Je me suis demandé en sortant si j'oserais aller sonner à la porte de ma maison. Je ne l'ai pas fait, j'ai eu peur. De quoi, je ne sais pas, peut-être de me trouver dans l'impossibilité de parler. Au lieu de cela, j'ai pris le sentier qui, passant devant l'école, mène au cimetière à travers des vergers. L'atelier de menuiserie n'existait plus non plus. Le cimetière était plus grand, surtout l'enclos des protestants, il y avait eu des décès en trente ans. J'ai eu honte devant la tombe de mes parents, pas entretenue puisque je ne viens jamais. J'ai arraché quelques mauvaises herbes, redressé la croix et les ex voto de marbre. J'avais beau me dire que leurs corps n'étaient plus que des amas d'atomes pourrissants qui n'étaient pas eux, je me sentais coupable du péché d'indifférence.
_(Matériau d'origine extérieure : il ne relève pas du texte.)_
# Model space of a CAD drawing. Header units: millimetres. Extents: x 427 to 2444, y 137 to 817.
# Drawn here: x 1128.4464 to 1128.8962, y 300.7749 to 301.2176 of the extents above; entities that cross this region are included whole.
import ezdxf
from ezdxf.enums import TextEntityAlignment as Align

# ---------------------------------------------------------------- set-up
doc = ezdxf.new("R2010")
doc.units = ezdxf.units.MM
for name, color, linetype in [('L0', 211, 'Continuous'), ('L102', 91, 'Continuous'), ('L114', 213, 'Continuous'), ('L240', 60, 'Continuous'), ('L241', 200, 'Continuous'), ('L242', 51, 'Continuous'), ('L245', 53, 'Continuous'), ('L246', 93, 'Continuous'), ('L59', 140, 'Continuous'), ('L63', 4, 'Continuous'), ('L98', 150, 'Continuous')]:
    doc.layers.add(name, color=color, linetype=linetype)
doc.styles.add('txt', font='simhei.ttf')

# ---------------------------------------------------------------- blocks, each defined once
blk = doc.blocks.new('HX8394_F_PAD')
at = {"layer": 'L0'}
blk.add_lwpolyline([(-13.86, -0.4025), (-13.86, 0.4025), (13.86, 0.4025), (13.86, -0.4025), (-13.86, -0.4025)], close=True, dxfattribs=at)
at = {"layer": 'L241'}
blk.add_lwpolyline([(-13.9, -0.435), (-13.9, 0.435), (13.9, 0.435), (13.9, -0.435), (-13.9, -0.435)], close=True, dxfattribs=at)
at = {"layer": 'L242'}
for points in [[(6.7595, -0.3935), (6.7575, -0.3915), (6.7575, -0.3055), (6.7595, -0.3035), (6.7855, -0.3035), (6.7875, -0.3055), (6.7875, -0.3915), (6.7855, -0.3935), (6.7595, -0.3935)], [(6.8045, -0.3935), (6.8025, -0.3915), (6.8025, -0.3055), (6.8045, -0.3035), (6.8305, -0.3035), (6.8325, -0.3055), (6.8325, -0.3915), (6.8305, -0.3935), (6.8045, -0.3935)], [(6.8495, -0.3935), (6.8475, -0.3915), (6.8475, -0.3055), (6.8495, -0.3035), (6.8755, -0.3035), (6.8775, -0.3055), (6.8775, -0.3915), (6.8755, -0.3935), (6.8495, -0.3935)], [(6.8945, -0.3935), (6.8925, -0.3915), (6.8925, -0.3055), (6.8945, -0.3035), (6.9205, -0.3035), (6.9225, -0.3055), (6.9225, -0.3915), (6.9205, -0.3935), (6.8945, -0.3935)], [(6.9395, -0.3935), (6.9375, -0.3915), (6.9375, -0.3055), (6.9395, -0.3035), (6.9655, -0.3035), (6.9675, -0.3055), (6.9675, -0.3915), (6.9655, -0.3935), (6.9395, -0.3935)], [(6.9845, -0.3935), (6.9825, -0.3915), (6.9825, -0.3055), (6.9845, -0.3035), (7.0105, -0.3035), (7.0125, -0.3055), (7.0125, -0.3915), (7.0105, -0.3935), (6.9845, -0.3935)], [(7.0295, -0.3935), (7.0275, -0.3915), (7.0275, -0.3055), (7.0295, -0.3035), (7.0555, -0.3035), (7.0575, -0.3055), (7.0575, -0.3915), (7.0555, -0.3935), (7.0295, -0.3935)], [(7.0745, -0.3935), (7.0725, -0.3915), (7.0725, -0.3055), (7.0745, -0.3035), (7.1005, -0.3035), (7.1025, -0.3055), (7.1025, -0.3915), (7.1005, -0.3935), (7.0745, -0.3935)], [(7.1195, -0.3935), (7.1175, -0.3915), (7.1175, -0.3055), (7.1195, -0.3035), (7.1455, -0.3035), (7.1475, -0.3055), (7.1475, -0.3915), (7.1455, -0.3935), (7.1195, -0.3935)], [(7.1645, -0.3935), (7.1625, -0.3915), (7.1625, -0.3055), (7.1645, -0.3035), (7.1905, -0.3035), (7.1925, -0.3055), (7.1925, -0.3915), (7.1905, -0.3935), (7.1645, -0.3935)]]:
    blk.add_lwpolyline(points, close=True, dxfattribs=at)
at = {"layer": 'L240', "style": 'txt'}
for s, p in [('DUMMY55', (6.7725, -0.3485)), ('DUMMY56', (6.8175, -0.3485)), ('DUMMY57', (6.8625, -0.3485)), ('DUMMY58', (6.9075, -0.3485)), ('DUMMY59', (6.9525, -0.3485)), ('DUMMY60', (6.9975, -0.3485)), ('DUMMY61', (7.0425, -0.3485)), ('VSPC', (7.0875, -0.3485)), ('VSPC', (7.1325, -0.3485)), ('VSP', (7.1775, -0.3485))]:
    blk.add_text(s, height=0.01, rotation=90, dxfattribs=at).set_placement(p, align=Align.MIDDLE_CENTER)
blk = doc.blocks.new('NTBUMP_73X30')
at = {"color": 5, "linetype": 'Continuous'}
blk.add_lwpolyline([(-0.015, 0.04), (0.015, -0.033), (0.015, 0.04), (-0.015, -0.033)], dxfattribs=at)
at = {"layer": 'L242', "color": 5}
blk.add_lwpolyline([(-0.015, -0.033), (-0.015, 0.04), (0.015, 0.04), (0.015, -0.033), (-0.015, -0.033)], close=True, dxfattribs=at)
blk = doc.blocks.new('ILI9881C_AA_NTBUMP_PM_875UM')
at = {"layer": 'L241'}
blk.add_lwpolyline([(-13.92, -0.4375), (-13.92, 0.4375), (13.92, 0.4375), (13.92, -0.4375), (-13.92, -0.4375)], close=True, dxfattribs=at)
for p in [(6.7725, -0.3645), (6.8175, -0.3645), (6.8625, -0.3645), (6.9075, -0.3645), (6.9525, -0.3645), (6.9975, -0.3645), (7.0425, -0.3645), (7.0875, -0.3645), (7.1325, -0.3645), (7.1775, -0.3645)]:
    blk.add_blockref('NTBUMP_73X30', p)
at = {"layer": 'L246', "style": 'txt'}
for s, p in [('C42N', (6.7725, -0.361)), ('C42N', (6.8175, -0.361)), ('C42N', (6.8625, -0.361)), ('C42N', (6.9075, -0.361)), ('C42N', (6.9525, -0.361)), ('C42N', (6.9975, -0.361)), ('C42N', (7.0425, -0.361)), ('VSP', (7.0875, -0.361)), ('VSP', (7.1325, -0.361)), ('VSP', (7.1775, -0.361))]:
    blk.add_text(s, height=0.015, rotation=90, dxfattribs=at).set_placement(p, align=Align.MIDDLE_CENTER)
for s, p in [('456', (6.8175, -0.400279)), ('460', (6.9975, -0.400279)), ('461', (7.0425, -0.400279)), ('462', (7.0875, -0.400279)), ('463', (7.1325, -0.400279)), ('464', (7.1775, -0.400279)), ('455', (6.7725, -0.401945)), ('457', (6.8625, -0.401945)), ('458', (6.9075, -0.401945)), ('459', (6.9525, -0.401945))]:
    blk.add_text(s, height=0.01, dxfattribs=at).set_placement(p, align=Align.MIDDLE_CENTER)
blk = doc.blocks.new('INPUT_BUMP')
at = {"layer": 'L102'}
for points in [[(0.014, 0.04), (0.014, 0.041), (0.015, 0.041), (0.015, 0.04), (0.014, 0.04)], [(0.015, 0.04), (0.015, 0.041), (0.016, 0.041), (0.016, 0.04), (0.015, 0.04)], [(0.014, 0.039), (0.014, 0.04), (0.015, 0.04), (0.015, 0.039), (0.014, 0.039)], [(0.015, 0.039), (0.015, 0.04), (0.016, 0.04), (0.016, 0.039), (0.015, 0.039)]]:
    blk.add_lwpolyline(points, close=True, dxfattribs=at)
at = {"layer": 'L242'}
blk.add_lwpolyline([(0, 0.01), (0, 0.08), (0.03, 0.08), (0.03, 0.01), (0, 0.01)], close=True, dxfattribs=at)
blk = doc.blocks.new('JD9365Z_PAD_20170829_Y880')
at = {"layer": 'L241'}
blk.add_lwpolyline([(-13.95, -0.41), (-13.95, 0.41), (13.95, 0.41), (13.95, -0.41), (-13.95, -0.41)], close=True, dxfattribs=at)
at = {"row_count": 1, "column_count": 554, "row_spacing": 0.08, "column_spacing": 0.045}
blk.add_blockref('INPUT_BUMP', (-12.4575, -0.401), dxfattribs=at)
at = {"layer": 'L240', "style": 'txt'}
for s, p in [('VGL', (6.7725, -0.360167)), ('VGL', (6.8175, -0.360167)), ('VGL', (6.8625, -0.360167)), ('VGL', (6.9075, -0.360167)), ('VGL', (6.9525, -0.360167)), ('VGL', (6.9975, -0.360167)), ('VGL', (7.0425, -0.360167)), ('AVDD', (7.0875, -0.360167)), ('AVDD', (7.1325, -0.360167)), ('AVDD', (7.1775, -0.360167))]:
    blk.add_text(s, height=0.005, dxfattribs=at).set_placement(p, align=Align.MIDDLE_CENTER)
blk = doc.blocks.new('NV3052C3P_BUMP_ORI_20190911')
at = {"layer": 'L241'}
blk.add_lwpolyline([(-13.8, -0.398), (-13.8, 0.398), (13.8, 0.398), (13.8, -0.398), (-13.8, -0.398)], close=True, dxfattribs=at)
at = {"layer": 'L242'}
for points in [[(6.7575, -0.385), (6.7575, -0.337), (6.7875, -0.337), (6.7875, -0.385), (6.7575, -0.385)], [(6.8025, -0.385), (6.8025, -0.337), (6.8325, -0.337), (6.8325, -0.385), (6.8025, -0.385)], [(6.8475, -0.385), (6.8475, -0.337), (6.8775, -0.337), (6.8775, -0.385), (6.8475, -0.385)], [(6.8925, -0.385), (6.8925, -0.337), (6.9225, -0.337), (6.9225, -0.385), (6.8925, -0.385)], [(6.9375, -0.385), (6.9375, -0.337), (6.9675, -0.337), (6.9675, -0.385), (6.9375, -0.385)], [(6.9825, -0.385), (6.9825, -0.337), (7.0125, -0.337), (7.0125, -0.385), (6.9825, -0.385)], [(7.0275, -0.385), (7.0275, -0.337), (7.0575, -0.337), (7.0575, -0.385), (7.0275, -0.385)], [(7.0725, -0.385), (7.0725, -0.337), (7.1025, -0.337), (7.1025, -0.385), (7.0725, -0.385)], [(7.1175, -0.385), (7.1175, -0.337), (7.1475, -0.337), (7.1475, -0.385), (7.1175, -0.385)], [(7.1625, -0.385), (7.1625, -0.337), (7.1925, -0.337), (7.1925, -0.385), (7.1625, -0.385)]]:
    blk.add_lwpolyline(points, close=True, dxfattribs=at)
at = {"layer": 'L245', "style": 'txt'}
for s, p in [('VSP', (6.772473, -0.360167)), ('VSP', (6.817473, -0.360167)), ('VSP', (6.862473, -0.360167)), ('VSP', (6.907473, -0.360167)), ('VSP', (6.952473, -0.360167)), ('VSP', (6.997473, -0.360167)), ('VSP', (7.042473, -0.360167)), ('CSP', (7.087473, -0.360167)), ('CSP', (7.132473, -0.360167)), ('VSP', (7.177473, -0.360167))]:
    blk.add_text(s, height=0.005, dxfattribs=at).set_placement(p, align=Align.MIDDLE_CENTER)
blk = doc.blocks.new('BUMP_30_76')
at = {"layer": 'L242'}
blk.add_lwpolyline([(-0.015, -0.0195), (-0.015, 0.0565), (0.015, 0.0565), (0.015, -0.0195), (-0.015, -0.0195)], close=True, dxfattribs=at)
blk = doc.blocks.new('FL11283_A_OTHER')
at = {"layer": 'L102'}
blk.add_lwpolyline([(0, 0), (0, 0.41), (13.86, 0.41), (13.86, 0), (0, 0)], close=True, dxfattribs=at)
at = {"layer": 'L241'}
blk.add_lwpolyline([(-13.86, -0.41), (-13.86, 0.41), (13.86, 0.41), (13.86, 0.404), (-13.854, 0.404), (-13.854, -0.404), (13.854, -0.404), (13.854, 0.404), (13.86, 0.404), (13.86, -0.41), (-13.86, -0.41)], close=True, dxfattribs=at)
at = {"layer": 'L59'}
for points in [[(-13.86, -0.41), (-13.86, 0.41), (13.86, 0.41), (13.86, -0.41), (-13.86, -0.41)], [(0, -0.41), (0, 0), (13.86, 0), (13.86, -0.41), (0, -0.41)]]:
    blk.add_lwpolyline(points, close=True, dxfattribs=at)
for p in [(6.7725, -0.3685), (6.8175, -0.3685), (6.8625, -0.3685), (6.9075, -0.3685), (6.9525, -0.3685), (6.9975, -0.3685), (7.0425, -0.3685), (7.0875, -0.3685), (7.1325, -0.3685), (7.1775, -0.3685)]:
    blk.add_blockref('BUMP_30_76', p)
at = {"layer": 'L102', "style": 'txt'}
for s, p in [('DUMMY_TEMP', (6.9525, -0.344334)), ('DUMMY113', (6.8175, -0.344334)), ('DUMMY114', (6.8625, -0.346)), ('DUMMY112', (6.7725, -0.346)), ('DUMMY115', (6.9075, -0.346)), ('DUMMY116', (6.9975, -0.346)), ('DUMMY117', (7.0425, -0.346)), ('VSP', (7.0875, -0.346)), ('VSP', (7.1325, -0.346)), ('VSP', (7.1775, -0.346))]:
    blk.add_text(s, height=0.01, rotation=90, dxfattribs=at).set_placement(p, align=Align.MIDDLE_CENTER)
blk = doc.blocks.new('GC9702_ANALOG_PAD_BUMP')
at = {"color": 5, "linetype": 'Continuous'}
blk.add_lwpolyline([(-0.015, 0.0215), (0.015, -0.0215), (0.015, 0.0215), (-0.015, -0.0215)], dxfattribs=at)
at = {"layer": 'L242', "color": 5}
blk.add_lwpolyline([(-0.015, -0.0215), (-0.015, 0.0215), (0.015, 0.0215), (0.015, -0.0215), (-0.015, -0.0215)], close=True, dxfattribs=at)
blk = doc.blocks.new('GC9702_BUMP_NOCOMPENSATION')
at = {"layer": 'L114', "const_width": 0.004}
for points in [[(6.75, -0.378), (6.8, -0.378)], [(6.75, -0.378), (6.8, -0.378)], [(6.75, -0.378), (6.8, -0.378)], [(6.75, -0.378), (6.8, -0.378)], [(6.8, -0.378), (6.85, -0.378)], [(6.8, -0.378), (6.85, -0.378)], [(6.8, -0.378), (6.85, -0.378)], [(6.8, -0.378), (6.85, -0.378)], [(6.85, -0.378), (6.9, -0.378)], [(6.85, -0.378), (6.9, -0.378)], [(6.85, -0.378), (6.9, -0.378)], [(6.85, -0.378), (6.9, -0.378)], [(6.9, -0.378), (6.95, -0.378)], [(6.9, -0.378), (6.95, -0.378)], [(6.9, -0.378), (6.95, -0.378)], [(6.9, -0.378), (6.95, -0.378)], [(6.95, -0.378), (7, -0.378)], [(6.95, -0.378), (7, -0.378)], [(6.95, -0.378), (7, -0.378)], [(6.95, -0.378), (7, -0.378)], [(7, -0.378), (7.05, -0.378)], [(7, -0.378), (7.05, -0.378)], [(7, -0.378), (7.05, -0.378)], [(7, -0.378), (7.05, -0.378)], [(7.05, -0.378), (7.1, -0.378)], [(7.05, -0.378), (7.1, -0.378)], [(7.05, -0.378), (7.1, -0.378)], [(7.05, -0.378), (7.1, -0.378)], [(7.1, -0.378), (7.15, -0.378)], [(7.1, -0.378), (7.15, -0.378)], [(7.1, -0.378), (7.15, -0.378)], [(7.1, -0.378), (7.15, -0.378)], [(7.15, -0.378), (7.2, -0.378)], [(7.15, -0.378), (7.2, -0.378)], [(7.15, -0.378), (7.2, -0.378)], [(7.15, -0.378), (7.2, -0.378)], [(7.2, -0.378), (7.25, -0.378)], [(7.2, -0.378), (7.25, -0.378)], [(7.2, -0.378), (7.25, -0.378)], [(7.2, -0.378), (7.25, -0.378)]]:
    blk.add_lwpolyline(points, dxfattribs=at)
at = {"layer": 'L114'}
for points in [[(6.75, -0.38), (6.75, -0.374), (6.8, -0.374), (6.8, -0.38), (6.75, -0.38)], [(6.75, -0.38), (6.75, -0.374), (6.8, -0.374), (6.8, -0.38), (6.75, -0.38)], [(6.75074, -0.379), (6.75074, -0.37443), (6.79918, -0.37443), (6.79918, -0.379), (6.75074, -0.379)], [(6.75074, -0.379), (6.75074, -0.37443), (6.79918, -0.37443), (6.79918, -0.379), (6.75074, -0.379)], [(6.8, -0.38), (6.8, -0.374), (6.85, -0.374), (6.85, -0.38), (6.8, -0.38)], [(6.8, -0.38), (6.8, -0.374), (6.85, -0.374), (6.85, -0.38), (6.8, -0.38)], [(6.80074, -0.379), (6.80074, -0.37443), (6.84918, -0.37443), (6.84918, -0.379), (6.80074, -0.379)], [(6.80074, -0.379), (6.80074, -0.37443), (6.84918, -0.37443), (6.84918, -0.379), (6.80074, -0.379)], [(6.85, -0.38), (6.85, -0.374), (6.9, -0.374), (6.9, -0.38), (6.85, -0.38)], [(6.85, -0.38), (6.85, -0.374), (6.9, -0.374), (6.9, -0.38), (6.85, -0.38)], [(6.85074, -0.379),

Pourquoi cette visite me mettait-elle ainsi dans cet état d'esprit, plus amer que nostalgique ? Je n'avais pourtant pas passé là mon enfance ni mon adolescence, juste les grandes vacances. Je m'ennuyais, je passais mon temps à lire des romans d'anticipation, au moins un par jour, tous plus mauvais les uns que les autres, mais je ne m'en rendais pas compte. Ma mère et mon père me donnaient des occupations que je recevais comme des corvées, telles qu'aller faucher de l'herbe pour les lapins, arracher les pommes de terre, faire les courses à la boulangerie ou à la Coop avec les tickets de ristourne collés sur des feuilles. Une fois il m'a obligé à tuer un lapin pour le déjeuner de midi, il fallait que j'apprenne. J'ai pris par les oreilles la bête qui couinait, puis par les pattes arrière, et je lui ai asséné avec une bûche plusieurs coups derrière la tête, pendant que mon père se moquait de moi en me disant que je m'y prenais comme un manche. C'était horrible, et pour une fois je me suis rebellé. J'ai flanqué le lapin mort par terre et je lui ai dit que c'était la dernière fois que je faisais une chose pareille. Il ne me l'a jamais plus demandé.
Quand je suis parti, le ciel s'était couvert. J'ai essuyé mes lunettes avant de reprendre le volant. Je crois que je ne reviendrai plus. Je ne sais même pas pourquoi je me trouvais là.